Я неоднократно обращался к следователю с просьбой ускорить производство по Вашему делу, но всякий раз получал один и тот же шаблонный ответ: он бы рад, но, увы, ничего нельзя поделать - подобного рода вопросы находятся в ведении государственной прокуратуры, и никто не вправе оспаривать решения сей высокой инстанции.
В общем, обычные чиновничьи отговорки!
Но не все потеряно, мой друг, час тому назад мне удалось выяснить кое-что такое, что вселяет в меня уверенность в дальнейшем успехе: я узнал, что Яромир продал Вассертруму золотые карманные часы, которые он нашел сразу после ареста своего брата Лойзы в его постели.
В «Лойзичеке», куда, как Вам, наверное, известно, частенько захаживают агенты сыскной полиции, прошел слух, будто бы часы Цотманна - факт смерти сего бесследно пропавшего господина все еще не установлен, ибо тело его так до сих пор и не обнаружено, - нашли при обыске в Вашей квартире, они-то и являются главным
Я тут же отыскал Яромира, вручил ему 1000 гульденов...»
Слезы радости, затуманившие мой взор, вынудили меня временно прервать чтение: только Ангелина могла передать Харузеку столь крупную сумму - ни у Звака, ни у Прокопа, ни у Фрисландера таких денег отродясь не водилось. Выходит, она меня все же не забыла!.. Смахнув слезы, я вновь склонился над письмом.
«...вручил ему 1000 гульденов и пообещал еще 2000, если он немедленно пойдет со мной в полицейский участок и признается, что нашел эти часы среди вещей своего брата и продал их старьевщику Вассертруму.

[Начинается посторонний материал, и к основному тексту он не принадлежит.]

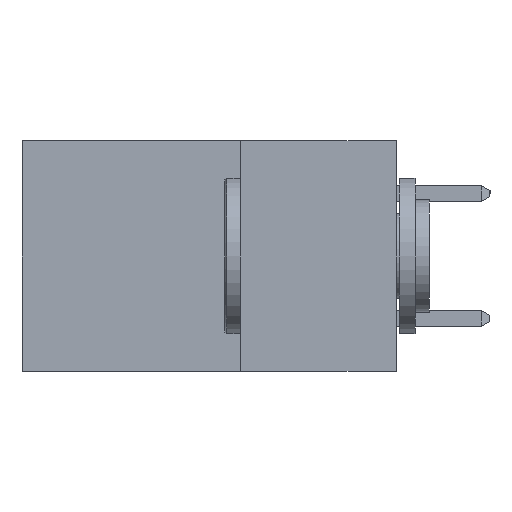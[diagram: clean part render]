
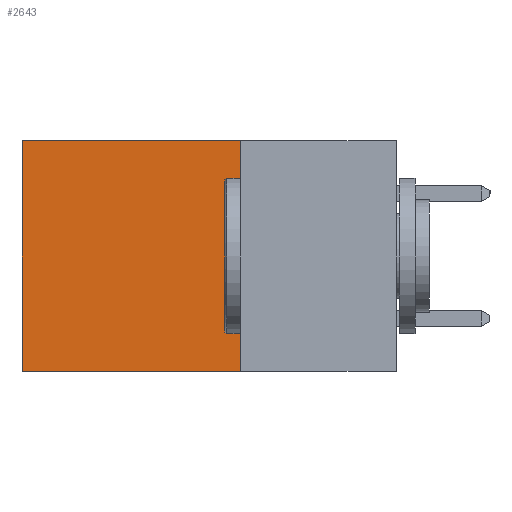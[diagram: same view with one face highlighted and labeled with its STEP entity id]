
A CAD part, left-side view. The second image highlights one B-rep face of the part: STEP entity #2643.
In plain terms, the highlighted planar face has unit normal (-1, 0, 0).
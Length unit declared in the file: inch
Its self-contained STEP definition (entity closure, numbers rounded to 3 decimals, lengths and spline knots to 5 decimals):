
#1648 = EDGE_LOOP ( 'NONE', ( #14136, #15514, #3969, #7956 ) ) ;
#1918 = DIRECTION ( 'NONE',  ( 0., 0., -1. ) ) ;
#1927 = DIRECTION ( 'NONE',  ( 0., 0., -1. ) ) ;
#1989 = DIRECTION ( 'NONE',  ( 0., 1., 0. ) ) ;
#2579 = LINE ( 'NONE', #12386, #13544 ) ;
#2643 = ADVANCED_FACE ( 'NONE', ( #15347 ), #12803, .F. ) ;
#3213 = VERTEX_POINT ( 'NONE', #6578 ) ;
#3315 = DIRECTION ( 'NONE',  ( 0., 0., -1. ) ) ;
#3589 = VECTOR ( 'NONE', #3315, 39.37008 ) ;
#3969 = ORIENTED_EDGE ( 'NONE', *, *, #4010, .F. ) ;
#4010 = EDGE_CURVE ( 'NONE', #13221, #3213, #15216, .T. ) ;
#5581 = VECTOR ( 'NONE', #1989, 39.37008 ) ;
#5616 = LINE ( 'NONE', #14005, #13636 ) ;
#6125 = CARTESIAN_POINT ( 'NONE',  ( 0.2615, 0.25, -0.37 ) ) ;
#6256 = CARTESIAN_POINT ( 'NONE',  ( 0.2615, 0.25, -0.37 ) ) ;
#6578 = CARTESIAN_POINT ( 'NONE',  ( 0.2615, 0.25, -0.37 ) ) ;
#6713 = EDGE_CURVE ( 'NONE', #8019, #11788, #5616, .T. ) ;
#7234 = EDGE_CURVE ( 'NONE', #3213, #11788, #9071, .T. ) ;
#7956 = ORIENTED_EDGE ( 'NONE', *, *, #14725, .T. ) ;
#8019 = VERTEX_POINT ( 'NONE', #9789 ) ;
#9071 = LINE ( 'NONE', #10038, #5581 ) ;
#9234 = AXIS2_PLACEMENT_3D ( 'NONE', #6256, #11666, #1927 ) ;
#9789 = CARTESIAN_POINT ( 'NONE',  ( 0.2615, 0.6, 0. ) ) ;
#10038 = CARTESIAN_POINT ( 'NONE',  ( 0.2615, 0.25, -0.37 ) ) ;
#11666 = DIRECTION ( 'NONE',  ( 1., 0., 0. ) ) ;
#11788 = VERTEX_POINT ( 'NONE', #12833 ) ;
#12300 = DIRECTION ( 'NONE',  ( 0., 1., 0. ) ) ;
#12386 = CARTESIAN_POINT ( 'NONE',  ( 0.2615, 0.25, 0. ) ) ;
#12803 = PLANE ( 'NONE',  #9234 ) ;
#12833 = CARTESIAN_POINT ( 'NONE',  ( 0.2615, 0.6, -0.37 ) ) ;
#13221 = VERTEX_POINT ( 'NONE', #16141 ) ;
#13544 = VECTOR ( 'NONE', #12300, 39.37008 ) ;
#13636 = VECTOR ( 'NONE', #1918, 39.37008 ) ;
#14005 = CARTESIAN_POINT ( 'NONE',  ( 0.2615, 0.6, -0.37 ) ) ;
#14136 = ORIENTED_EDGE ( 'NONE', *, *, #6713, .T. ) ;
#14725 = EDGE_CURVE ( 'NONE', #13221, #8019, #2579, .T. ) ;
#15216 = LINE ( 'NONE', #6125, #3589 ) ;
#15347 = FACE_OUTER_BOUND ( 'NONE', #1648, .T. ) ;
#15514 = ORIENTED_EDGE ( 'NONE', *, *, #7234, .F. ) ;
#16141 = CARTESIAN_POINT ( 'NONE',  ( 0.2615, 0.25, 0. ) ) ;

Все это должно произойти, когда мое письмо, спрятанное в башмак Венцеля, будет уже на пути к Вам. Понимаю, время не терпит, ибо ни для кого не секрет, сколь тяжел для человека каждый час, проведенный в неволе.
Но можете быть уверены, дорогой друг: Яромир даст показания. И не далее как сегодня. Ручаюсь Вам в этом.
У меня нет никаких сомнений в том, что это Лойза убил Цотманна и снял с него часы.
Даже если предъявленные Яромиру в полицейском участке часы, паче чаяния, окажутся совсем другими, совершенно ему незнакомыми, - не беспокойтесь, я втолковал парию, как действовать!! в этом случае: глухонемой все равно
опознает их и засвидетельствует под присягой, что это те самые часы, которые он нашел в вещах брата.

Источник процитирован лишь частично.